[Data records]

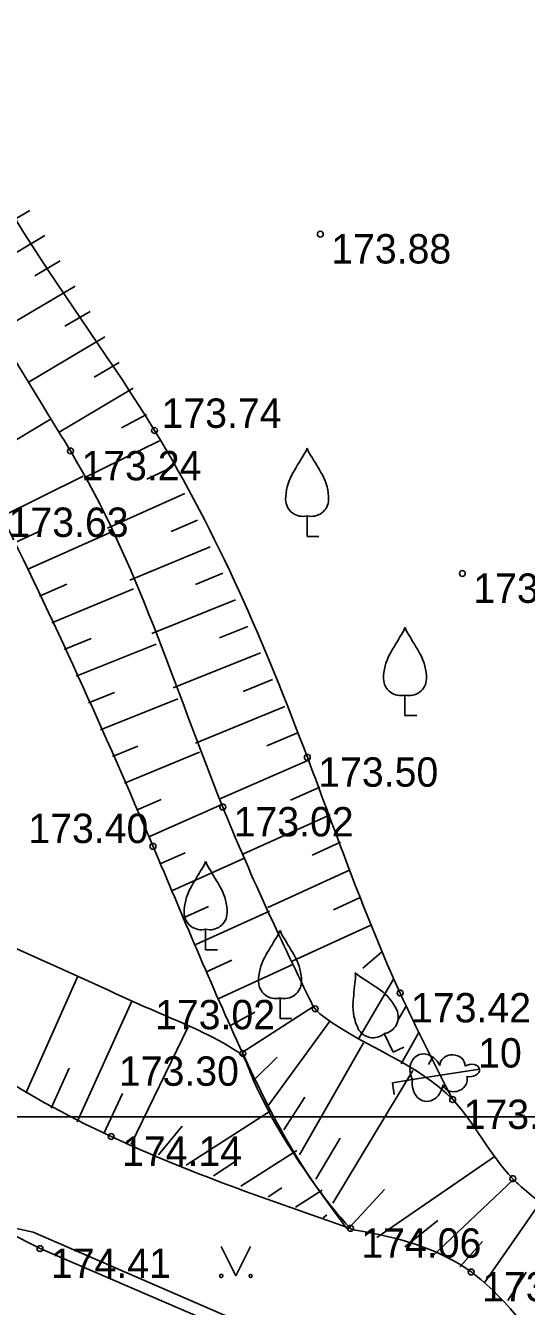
# Model space of a CAD drawing. Extents: x 634731 to 634929, y 304084 to 304225.
# Drawn here: x 634821.1 to 634829.63, y 304153.72 to 304175.52 of the extents above; entities that cross this region are included whole.
import ezdxf

# ---------------------------------------------------------------- set-up
doc = ezdxf.new("R2010")
doc.units = 0
for name, color, linetype in [('APGS_VADP_ZSPR_####_#', 7, 'Continuous'), ('CELI_CMAL_####_####_#', 7, 'Continuous'), ('RELJ_AATZ_####_TKST_#', 7, 'Continuous'), ('RELJ_ELEM_####_####_#', 7, 'Continuous'), ('RELJ_NOGA_####_####_#', 7, 'Continuous'), ('RELJ_NOGL_####_####_#', 7, 'Continuous'), ('ROBZ_UZMR_####_####_#', 7, 'Continuous'), ('TERT_DIAM_####_TKST_#', 7, 'Continuous'), ('TERT_ELEM_####_####_#', 7, 'Continuous')]:
    doc.layers.add(name, color=color, linetype=linetype)

msp = doc.modelspace()

# ---------------------------------------------------------------- linework, layer by layer
at = {"layer": 'APGS_VADP_ZSPR_####_#'}
for p, q in [((634821.23, 304154.989), (634814.291, 304156.476)), ((634826.859, 304152.547), (634821.23, 304154.989))]:
    msp.add_line(p, q, dxfattribs=at)
at = {"layer": 'CELI_CMAL_####_####_#'}
for p, q in [((634820.795, 304154.986), (634821.344, 304154.707)), ((634821.344, 304154.707), (634824.693, 304153.27))]:
    msp.add_line(p, q, dxfattribs=at)
at = {"layer": 'RELJ_ELEM_####_####_#'}
for centre in [(634826.121, 304171.972), (634823.296, 304168.631), (634821.864, 304168.282), (634828.542, 304166.197), (634825.9, 304163.068), (634824.458, 304162.222), (634823.27, 304161.553), (634827.481, 304159.057), (634826.033, 304158.787), (634824.8, 304158.028), (634828.377, 304157.243), (634822.557, 304156.615), (634829.401, 304155.897), (634826.634, 304155.052), (634821.344, 304154.707), (634828.693, 304154.309)]:
    msp.add_circle(centre, 0.05, dxfattribs=at)
at = {"layer": 'RELJ_NOGA_####_####_#'}
for p, q in [((634821.173, 304172.375), (634820.745, 304172.124)), ((634821.429, 304171.946), (634820.141, 304171.19)), ((634821.687, 304171.517), (634821.256, 304171.264)), ((634821.944, 304171.088), (634820.649, 304170.325)), ((634822.198, 304170.658), (634821.767, 304170.403)), ((634822.449, 304170.225), (634821.159, 304169.461)), ((634822.695, 304169.79), (634822.268, 304169.537)), ((634822.933, 304169.35), (634821.672, 304168.599)), ((634820.255, 304168.066), (634821.536, 304168.827)), ((634823.161, 304168.905), (634822.735, 304168.674)), ((634823.38, 304168.456), (634822.094, 304167.825)), ((634823.597, 304168.005), (634823.163, 304167.802)), ((634820.696, 304167.168), (634822.082, 304167.85)), ((634823.814, 304167.555), (634822.496, 304166.966)), ((634824.03, 304167.104), (634823.582, 304166.911)), ((634820.912, 304166.718), (634821.377, 304166.935)), ((634821.126, 304166.266), (634822.53, 304166.889)), ((634824.246, 304166.653), (634822.877, 304166.082)), ((634824.462, 304166.202), (634823.995, 304166.011)), ((634821.337, 304165.813), (634821.803, 304166.012)), ((634821.547, 304165.359), (634822.938, 304165.934)), ((634824.676, 304165.75), (634823.247, 304165.176)), ((634824.888, 304165.297), (634824.403, 304165.103)), ((634821.756, 304164.904), (634822.214, 304165.091)), ((634821.963, 304164.449), (634823.321, 304164.992)), ((634825.099, 304164.844), (634823.615, 304164.252)), ((634825.308, 304164.39), (634824.807, 304164.187)), ((634822.17, 304163.994), (634822.615, 304164.172)), ((634822.375, 304163.538), (634823.69, 304164.064)), ((634825.515, 304163.935), (634823.995, 304163.311)), ((634825.719, 304163.478), (634825.212, 304163.263)), ((634822.581, 304163.082), (634823.012, 304163.258)), ((634822.786, 304162.626), (634824.06, 304163.154)), ((634825.921, 304163.021), (634824.4, 304162.354)), ((634826.112, 304162.559), (634825.61, 304162.336)), ((634822.991, 304162.17), (634823.411, 304162.35)), ((634823.197, 304161.715), (634824.44, 304162.263)), ((634826.291, 304162.092), (634824.812, 304161.428)), ((634826.463, 304161.622), (634825.981, 304161.405)), ((634823.402, 304161.259), (634823.815, 304161.443)), ((634823.603, 304160.801), (634824.843, 304161.358)), ((634826.632, 304161.152), (634825.225, 304160.513)), ((634826.802, 304160.682), (634826.346, 304160.473)), ((634823.801, 304160.342), (634824.217, 304160.53)), ((634823.998, 304159.882), (634825.253, 304160.452)), ((634826.979, 304160.214), (634825.641, 304159.601)), ((634827.166, 304159.75), (634826.845, 304159.478)), ((634824.193, 304159.422), (634824.615, 304159.615)), ((634824.39, 304158.962), (634825.666, 304159.547)), ((634821.101, 304157.351), (634821.988, 304159.343)), ((634827.368, 304159.293), (634826.766, 304158.263)), ((634821.976, 304156.867), (634822.915, 304158.927)), ((634824.792, 304158.047), (634826.007, 304158.825)), ((634827.587, 304158.843), (634827.435, 304158.582)), ((634824.589, 304158.504), (634825.005, 304158.731)), ((634825.245, 304157.156), (634826.282, 304158.576)), ((634822.899, 304156.484), (634823.867, 304158.481)), ((634827.808, 304158.395), (634827.499, 304157.853)), ((634825.769, 304156.304), (634826.857, 304158.21)), ((634825.008, 304157.596), (634825.386, 304157.964)), ((634828.029, 304157.947), (634827.966, 304157.841)), ((634821.533, 304157.098), (634821.839, 304157.777)), ((634826.332, 304155.478), (634827.695, 304157.738)), ((634828.251, 304157.498), (634828.181, 304157.409)), ((634822.433, 304156.664), (634822.752, 304157.344)), ((634825.5, 304156.726), (634825.857, 304157.282)), ((634823.833, 304156.126), (634825.283, 304157.056)), ((634823.366, 304156.305), (634823.769, 304156.793)), ((634826.047, 304155.889), (634826.457, 304156.584)), ((634824.3, 304155.947), (634824.7, 304156.204)), ((634824.767, 304155.768), (634825.718, 304156.378)), ((634827.085, 304154.896), (634829.099, 304156.281)), ((634825.233, 304155.589), (634825.467, 304155.739)), ((634828.033, 304154.578), (634829.413, 304155.884)), ((634825.7, 304155.41), (634826.153, 304155.7)), ((634826.619, 304155.068), (634827.212, 304155.715)), ((634828.922, 304154.136), (634829.886, 304155.514)), ((634826.167, 304155.231), (634826.231, 304155.28)), ((634827.56, 304154.74), (634828.126, 304155.188)), ((634826.634, 304155.052), (634826.567, 304155.054)), ((634828.499, 304154.396), (634828.882, 304154.83)), ((634829.314, 304153.825), (634829.629, 304154.307))]:
    msp.add_line(p, q, dxfattribs=at)
for points in [[(634826.634, 304155.052), (634822.557, 304156.615), (634820.339, 304157.853), (634819.294, 304158.601), (634818.771, 304158.973), (634818.24, 304159.332), (634818.084, 304159.439), (634817.983, 304159.552), (634817.882, 304159.665), (634817.683, 304159.894), (634817.294, 304160.356), (634816.539, 304161.295), (634815.055, 304163.193), (634814.951, 304163.324), (634814.867, 304163.494), (634814.785, 304163.665), (634814.628, 304164.008), (634814.334, 304164.703), (634813.808, 304166.112), (634813.317, 304167.533), (634812.805, 304168.947), (634812.27, 304170.38), (634811.745, 304171.817), (634811.199, 304173.246), (634810.908, 304173.953), (634810.6, 304174.654), (634809.713, 304176.515), (634808.782, 304178.353), (634807.833, 304180.181), (634806.894, 304182.015), (634806.811, 304182.182), (634806.744, 304182.647), (634806.324, 304187.245), (634806.254, 304194.75), (634806.266, 304194.994), (634806.409, 304196.008), (634806.583, 304197.016), (634807.015, 304199.013), (634807.539, 304200.987), (634808.135, 304202.939), (634808.952, 304205.481)], [(634832.683, 304171.876), (634833.09, 304166.371), (634833.722, 304162.477), (634836.231, 304157.775), (634836.316, 304157.674), (634836.288, 304157.471), (634835.656, 304154.318), (634835.609, 304154.246), (634834.381, 304152.588), (634834.323, 304152.537), (634834.242, 304152.505), (634832.145, 304151.723), (634832.076, 304151.705), (634828.751, 304154.266), (634828.693, 304154.309), (634826.723, 304155.021), (634826.634, 304155.052), (634826.62, 304155.066), (634824.8, 304158.028), (634823.27, 304161.553), (634820.623, 304167.319), (634817.035, 304174.242), (634816.904, 304174.513), (634815.518, 304180.329), (634815.488, 304180.501), (634815.897, 304187.851), (634816.211, 304194.465), (634816.226, 304194.663), (634817.967, 304200.387)], [(634817.967, 304200.387), (634818.792, 304194.584), (634818.796, 304194.488), (634818.794, 304187.832), (634819.157, 304180.459), (634819.493, 304175.714), (634819.516, 304175.591), (634823.296, 304168.631), (634825.9, 304163.068), (634827.481, 304159.057), (634828.377, 304157.243)]]:
    msp.add_spline(points, degree=3, dxfattribs=at)
at = {"layer": 'RELJ_NOGL_####_####_#'}
for points in [[(634810.045, 304205.481), (634809.86, 304203.508), (634809.554, 304201.739), (634809.079, 304199.997), (634808.59, 304198.257), (634808.243, 304196.489), (634807.506, 304186.959), (634807.5, 304186.585), (634808.183, 304183.139), (634808.22, 304182.949), (634808.337, 304182.73), (634809.271, 304180.889), (634810.207, 304179.048), (634811.988, 304175.322), (634813.207, 304172.404), (634813.797, 304170.937), (634814.398, 304169.474), (634815.428, 304166.995), (634815.967, 304165.765), (634816.252, 304165.156), (634816.55, 304164.553), (634817.616, 304162.77), (634818.774, 304161.041), (634818.944, 304160.792), (634819.103, 304160.694), (634820.497, 304160.014), (634821.908, 304159.379), (634823.319, 304158.741), (634824.715, 304158.054), (634824.783, 304158.002), (634824.866, 304157.859), (634824.927, 304157.706), (634825.057, 304157.408), (634826.567, 304155.054)], [(634832.683, 304171.876), (634832.029, 304166.321), (634832.078, 304165.993), (634832.293, 304162.271), (634832.316, 304162.115), (634832.461, 304161.847), (634834.931, 304157.197), (634834.982, 304157.135), (634834.94, 304156.908), (634834.551, 304155.203), (634834.511, 304155.036), (634834.304, 304154.854), (634832.978, 304153.866), (634832.871, 304153.786), (634832.708, 304153.853), (634829.546, 304155.76), (634829.401, 304155.897), (634828.377, 304157.243), (634826.206, 304158.632), (634826.033, 304158.787), (634825.942, 304158.946), (634824.458, 304162.222), (634821.864, 304168.282), (634821.724, 304168.511), (634817.869, 304175.1), (634817.795, 304175.261), (634817.767, 304175.474), (634817.252, 304180.777), (634817.346, 304188.003), (634817.404, 304194.661), (634817.967, 304200.387)]]:
    msp.add_spline(points, degree=3, dxfattribs=at)
at = {"layer": 'ROBZ_UZMR_####_####_#'}
for points in [[(634850.187, 304156.951), (634820.529, 304156.949), (634804.857, 304192.473), (634804.325, 304205.481)], [(634804.325, 304205.481), (634804.857, 304192.473), (634820.529, 304156.949), (634850.187, 304156.951)]]:
    msp.add_lwpolyline(points, dxfattribs=at)
at = {"layer": 'TERT_ELEM_####_####_#'}
for p, q in [((634825.896, 304167.18), (634825.896, 304166.828)), ((634825.896, 304166.828), (634826.096, 304166.828)), ((634827.564, 304164.129), (634827.564, 304163.777)), ((634827.564, 304163.777), (634827.764, 304163.777)), ((634824.167, 304160.145), (634824.167, 304159.793)), ((634824.167, 304159.793), (634824.367, 304159.793)), ((634825.434, 304158.973), (634825.434, 304158.621)), ((634825.434, 304158.621), (634825.634, 304158.621)), ((634827.211, 304158.366), (634827.363, 304158.048)), ((634827.363, 304158.048), (634827.543, 304158.134)), ((634827.694, 304157.583), (634827.351, 304157.529)), ((634827.351, 304157.529), (634827.382, 304157.331)), ((634824.432, 304154.742), (634824.682, 304154.242)), ((634824.682, 304154.242), (634824.932, 304154.742))]:
    msp.add_line(p, q, dxfattribs=at)
for points in [[(634828.833, 304157.762), (634827.694, 304157.583)], [(634828.617, 304157.637), (634828.618, 304157.638)]]:
    msp.add_lwpolyline(points, dxfattribs=at)
for centre, radius in [((634824.432, 304154.242), 0.028), ((634824.932, 304154.242), 0.0263)]:
    msp.add_circle(centre, radius, dxfattribs=at)
for centre, radius, start, end in [((634838.521, 304160.432), 14.88, 148.4844, 149.9901), ((634825.479, 304168.466), 0.439, 324.3837, 341.712), ((634826.313, 304168.466), 0.439, 198.288, 215.6163), ((634813.271, 304160.432), 14.88, 30.0099, 31.5156), ((634826.42, 304167.453), 0.89, 151.757, 179.9138), ((634825.372, 304167.453), 0.89, 0.0862, 28.243), ((634825.82, 304167.459), 0.29, 181.0782, 285.2823), ((634825.972, 304167.459), 0.29, 254.7177, 358.9218), ((634840.189, 304157.381), 14.88, 148.4844, 149.9901), ((634827.147, 304165.415), 0.439, 324.3837, 341.712), ((634827.981, 304165.415), 0.439, 198.288, 215.6163), ((634814.939, 304157.381), 14.88, 30.0099, 31.5156), ((634828.088, 304164.402), 0.89, 151.757, 179.9138), ((634827.04, 304164.402), 0.89, 0.0862, 28.243), ((634827.488, 304164.408), 0.29, 181.0782, 285.2823), ((634827.64, 304164.408), 0.29, 254.7177, 358.9218), ((634823.75, 304161.431), 0.439, 324.3837, 341.712), ((634824.584, 304161.431), 0.439, 198.288, 215.6163), ((634836.792, 304153.397), 14.88, 148.4844, 149.9901), ((634811.542, 304153.397), 14.88, 30.0099, 31.5156), ((634824.691, 304160.418), 0.89, 151.757, 179.9138), ((634823.643, 304160.418), 0.89, 0.0862, 28.243), ((634824.091, 304160.424), 0.29, 181.0782, 285.2823), ((634824.243, 304160.424), 0.29, 254.7177, 358.9218), ((634825.017, 304160.259), 0.439, 324.3837, 341.712), ((634825.851, 304160.259), 0.439, 198.288, 215.6163), ((634838.059, 304152.225), 14.88, 148.4844, 149.9901), ((634812.809, 304152.225), 14.88, 30.0099, 31.5156), ((634825.958, 304159.246), 0.89, 151.757, 179.9138), ((634824.91, 304159.246), 0.89, 0.0862, 28.243), ((634825.358, 304159.252), 0.29, 181.0782, 285.2823), ((634825.51, 304159.252), 0.29, 254.7177, 358.9218), ((634841.512, 304157.715), 14.88, 174.0029, 175.5087), ((634826.281, 304159.346), 0.439, 349.9022, 7.2305), ((634827.034, 304159.706), 0.439, 223.8066, 241.1348), ((634818.725, 304146.837), 14.88, 55.5284, 57.0341), ((634826.621, 304158.386), 0.89, 25.6047, 53.7615), ((634827.567, 304158.838), 0.89, 177.2755, 205.4324), ((634827.16, 304158.651), 0.29, 280.2362, 24.4404), ((634827.022, 304158.585), 0.29, 206.5967, 310.8008)]:
    msp.add_arc(centre, radius, start, end, dxfattribs=at)
for centre, major_axis, ratio, start_param, end_param in [((634827.923, 304157.709), (0.142, -0.288), 0.814445, 1.570796, 4.752015), ((634828.374, 304157.819), (-0.216, 0.005), 0.861323, 3.141593, 6.283185), ((634828.685, 304157.738), (-0.148, -0.023), 0.707107, 3.14537, 5.287485), ((634828.685, 304157.739), (-0.148, -0.023), 0.707107, 0.995701, 3.137816), ((634827.951, 304157.532), (0.046, 0.318), 0.814445, 1.531171, 4.712389), ((634828.413, 304157.566), (-0.204, -0.071), 0.861323, 0, 3.141593)]:
    msp.add_ellipse(centre, major_axis=major_axis, ratio=ratio, start_param=start_param, end_param=end_param, dxfattribs=at)

# ---------------------------------------------------------------- texts
at = {"layer": 'RELJ_AATZ_####_TKST_#'}
for s, p in [(' 173.88', (634826.121, 304171.472)), (' 173.74', (634823.229, 304168.675)), (' 173.24', (634821.864, 304167.782)), (' 173.63', (634820.623, 304166.819)), (' 173.64', (634828.542, 304165.697)), (' 173.50', (634825.9, 304162.568)), (' 173.40', (634820.96, 304161.609)), (' 173.02', (634824.458, 304161.722)), (' 173.42', (634827.481, 304158.557)), (' 173.02', (634823.119, 304158.439)), (' 173.30', (634822.503, 304157.478)), (' 173.19', (634828.377, 304156.743)), (' 174.14', (634822.557, 304156.115)), (' 174.06', (634826.634, 304154.552)), (' 174.41', (634821.344, 304154.207)), (' 173.98', (634828.693, 304153.809))]:
    msp.add_text(s, height=0.5, dxfattribs=at).set_placement(p)
at = {"layer": 'TERT_DIAM_####_TKST_#'}
msp.add_text(' 10', height=0.5, dxfattribs=at).set_placement((634828.625, 304157.789))

doc.saveas('drawing.dxf')

### About this task
What you return must match the lines from the top of the data through the line with "msp = doc.modelspace()" exactly, with the pictures removed.

### Written reply
# Model space of a CAD drawing. Extents: x 634731 to 634929, y 304084 to 304225.
# Drawn here: x 634821.1 to 634829.63, y 304153.72 to 304175.52 of the extents above; entities that cross this region are included whole.
import ezdxf

# ---------------------------------------------------------------- set-up
doc = ezdxf.new("R2010")
doc.units = 0
for name, color, linetype in [('APGS_VADP_ZSPR_####_#', 7, 'Continuous'), ('CELI_CMAL_####_####_#', 7, 'Continuous'), ('RELJ_AATZ_####_TKST_#', 7, 'Continuous'), ('RELJ_ELEM_####_####_#', 7, 'Continuous'), ('RELJ_NOGA_####_####_#', 7, 'Continuous'), ('RELJ_NOGL_####_####_#', 7, 'Continuous'), ('ROBZ_UZMR_####_####_#', 7, 'Continuous'), ('TERT_DIAM_####_TKST_#', 7, 'Continuous'), ('TERT_ELEM_####_####_#', 7, 'Continuous')]:
    doc.layers.add(name, color=color, linetype=linetype)

msp = doc.modelspace()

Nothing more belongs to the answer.